_Task objective_
Every line in the entries that holds "sides" should be identified and copied.
-=-=-
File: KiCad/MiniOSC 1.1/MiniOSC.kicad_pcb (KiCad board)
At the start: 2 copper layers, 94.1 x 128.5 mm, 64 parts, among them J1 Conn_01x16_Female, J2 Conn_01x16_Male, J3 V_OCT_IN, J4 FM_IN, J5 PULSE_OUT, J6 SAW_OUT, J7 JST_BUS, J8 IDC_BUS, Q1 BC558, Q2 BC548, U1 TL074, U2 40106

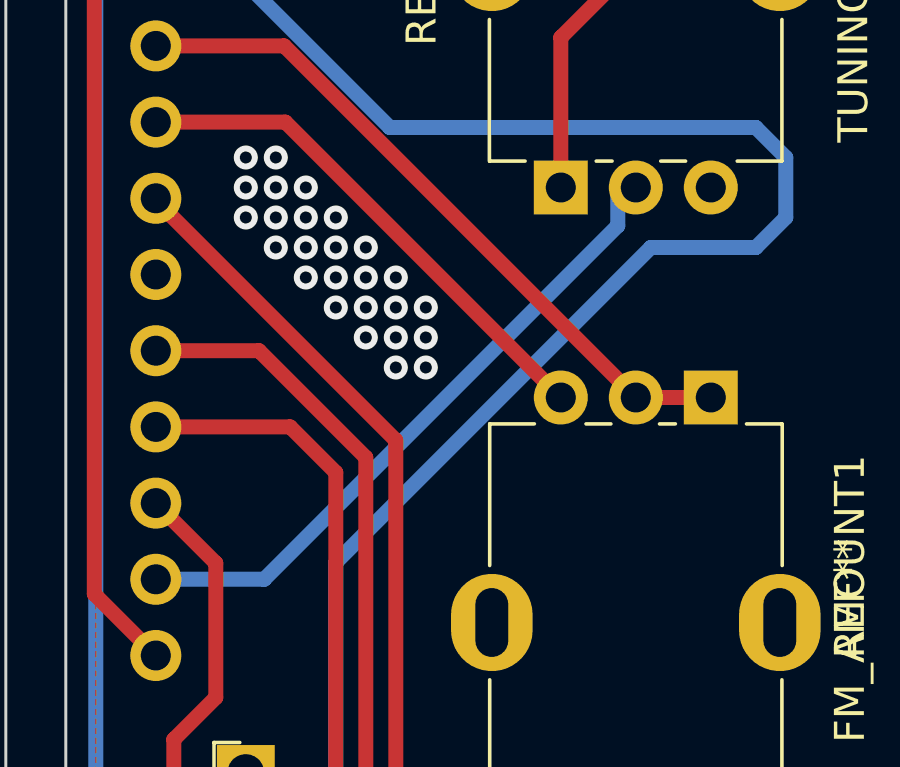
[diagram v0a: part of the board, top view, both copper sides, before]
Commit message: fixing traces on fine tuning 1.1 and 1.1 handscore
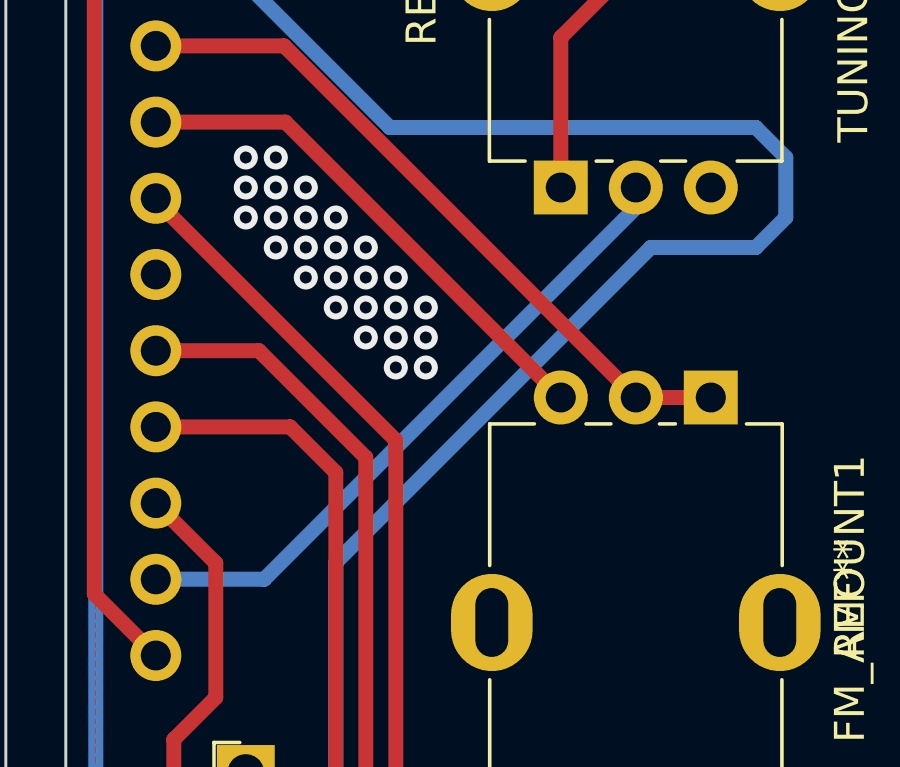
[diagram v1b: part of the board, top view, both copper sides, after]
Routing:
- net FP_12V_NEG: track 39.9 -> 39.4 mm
-=-=-
_Solution for this task_
[diagram v0a: part of the board, top view, both copper sides, before]
[diagram v1b: part of the board, top view, both copper sides, after]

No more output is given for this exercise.